L’émergence d’une stratégie européenne efficace à l’égard de la Chine suppose que l’Europe rattrape son retard technologique et réduise sa dépendance politique à l’égard de Washington et sa dépendance commerciale à l’égard de Pékin. Qu’elle accompagne la montée en puissance de l’Inde, qui ne tardera pas à challenger la Chine, et qu’elle développe une politique de coopération à grande échelle avec l’Afrique pour lui éviter de devenir l’arrière-cour de Pékin ou de Moscou après avoir été celle de Londres et de Paris.
Mais rien de tout cela ne sera possible si nous persistons à vouloir imposer notre modèle politique et notre vision de la société tout en ne défendant pas notre identité et notre héritage culturel.
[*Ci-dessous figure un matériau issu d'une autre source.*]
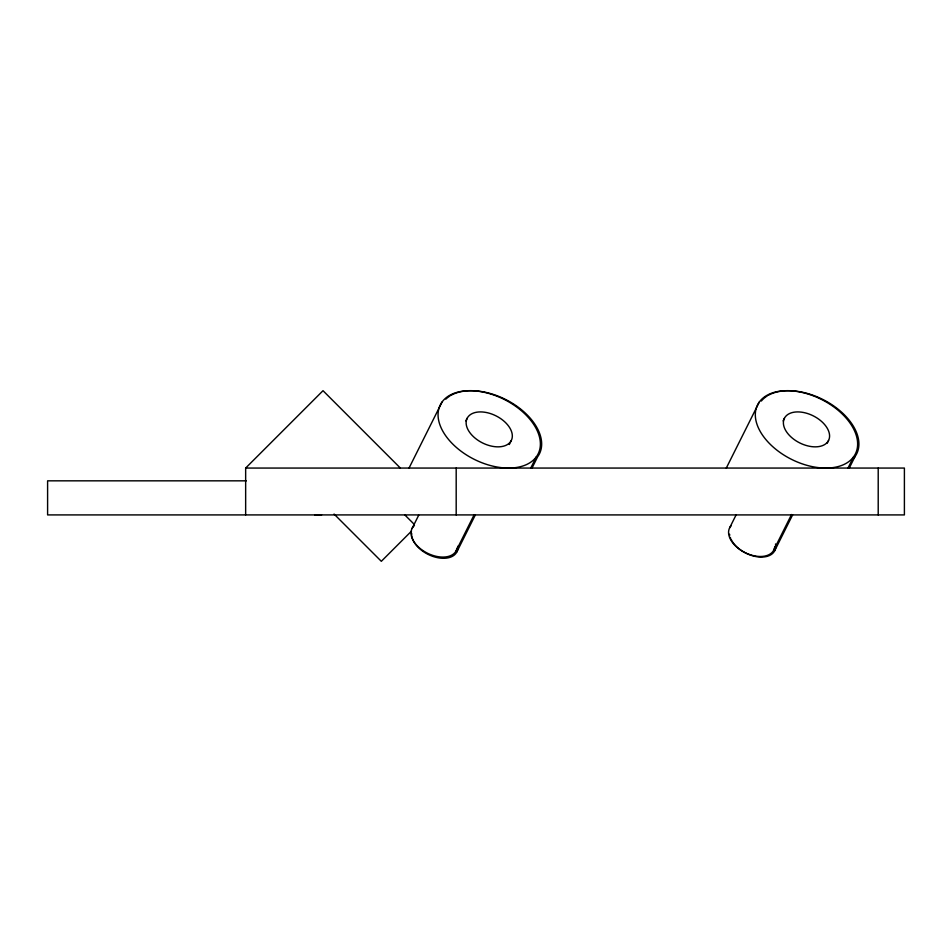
<?xml version="1.0" encoding="UTF-8"?>
<svg xmlns="http://www.w3.org/2000/svg" width="952" height="952" viewBox="0 0 952 952"><rect width="100%" height="100%" fill="white"/><g stroke="black" fill="none" stroke-linecap="round" stroke-linejoin="round"><path stroke-width="1.43" d="M409.039 468.063L442.061 402.03M412.061 528.479L418.702 515.199M465.849 420.903L467.182 418.237M456.163 550.756L474.096 514.889M509.296 444.501L511.283 440.514A24.704 15.125 26.6 0 0 484.187 412.156A24.704 15.125 26.6 0 0 472.228 435.469A24.704 15.125 26.6 0 0 511.283 440.514M456.817 551.958L475.393 514.806M530.74 468.063L536.404 456.734A54.704 33.498 26.6 0 0 482.819 392.01A54.704 33.498 26.6 0 0 448.475 439.384A54.704 33.498 26.6 0 0 536.404 456.734M532.001 468.063L537.666 456.734A54.704 33.498 26.6 0 0 517.115 406.397A54.704 33.498 26.6 0 0 451.248 395.187M726.293 468.063L759.315 402.03M729.613 527.884L736.217 514.675M783.115 420.879L784.436 418.237M773.726 550.149L791.552 514.485M827.217 443.156L828.537 440.514A24.704 15.125 26.6 0 0 801.441 412.156A24.704 15.125 26.6 0 0 789.482 435.469A24.704 15.125 26.6 0 0 828.537 440.514M774.678 550.756L792.611 514.889M847.994 468.063L853.658 456.734A54.704 33.498 26.6 0 0 800.061 392.01A54.704 33.498 26.6 0 0 765.729 439.384A54.704 33.498 26.6 0 0 853.658 456.734M849.255 468.063L854.92 456.734M245.652 514.913L245.652 468.063L323.014 390.689L400.375 468.063M411.526 531.097L381.324 561.311L334.069 514.056M245.652 468.063L904.4 468.063L904.4 514.913L47.6 514.913L47.6 480.831L246.378 480.831M321.597 514.913L314.779 514.913M404.707 514.818L414.168 524.266M878.208 468.063L878.208 514.913M456.187 468.063L456.187 514.913M768.502 395.187A54.704 33.498 26.6 0 1 835.987 407.575A54.704 33.498 26.6 0 1 853.313 458.685M761.338 401.03A54.704 33.498 26.6 0 1 767.312 395.877M445.833 399.138A54.704 33.498 26.6 0 1 450.058 395.877M457.067 548.031A24.704 15.125 26.6 0 1 426.52 552.719A24.704 15.125 26.6 0 1 414.465 525.48M774.749 546.46A24.704 15.125 26.6 0 1 745.452 552.814A24.704 15.125 26.6 0 1 731.303 525.552M775.523 543.961A24.704 15.125 26.6 0 1 758.613 556.956A24.704 15.125 26.6 0 1 731.231 539.617M730.719 538.523A24.704 15.125 26.6 0 1 730.303 537.428M729.732 535.274A24.704 15.125 26.6 0 1 729.577 534.215M457.817 546.222A24.704 15.125 26.6 0 1 437.182 557.598A24.704 15.125 26.6 0 1 411.871 536.476M411.716 535.429A24.704 15.125 26.6 0 1 411.692 533.382"/></g></svg>

Nous devons nous poser une question fondamentale : pourquoi les peuples du monde entier rêvaient-ils au vingtième siècle de nous ressembler et pourquoi nous rejettent-ils aujourd’hui ?
« L’affrontement entre la Chine et les États-Unis dominera les relations internationales des prochaines décennies. L’enjeu est d’éviter qu’il ne se transforme en un conflit mondial aux conséquences incalculables »
Parce que nous leur retournons l’image du désordre et de l’impuissance. Parce que nos débats absurdes sur le wokisme ou la négation des genres heurtent leurs convictions les plus profondes. Parce que nos solutions concernant les changements climatiques sont vécues comme une double peine. Après avoir été à l’origine des évolutions qui ont conduit à cette situation, nous voulons leur imposer des remèdes qui risquent d’entraver leur développement et d’aggraver dramatiquement leurs conditions de vie.
Pourtant, nous détenons beaucoup de clés de leur avenir et nous avons les ressources, à condition de faire les arbitrages nécessaires, pour être des partenaires exigeants et fiables. L’essentiel est de retrouver la maîtrise de notre destin, la fierté de notre passé tout en acceptant les évolutions du monde.
Faute de le comprendre, nous poursuivrons le chemin qui conduit inéluctablement vers des heures sombres.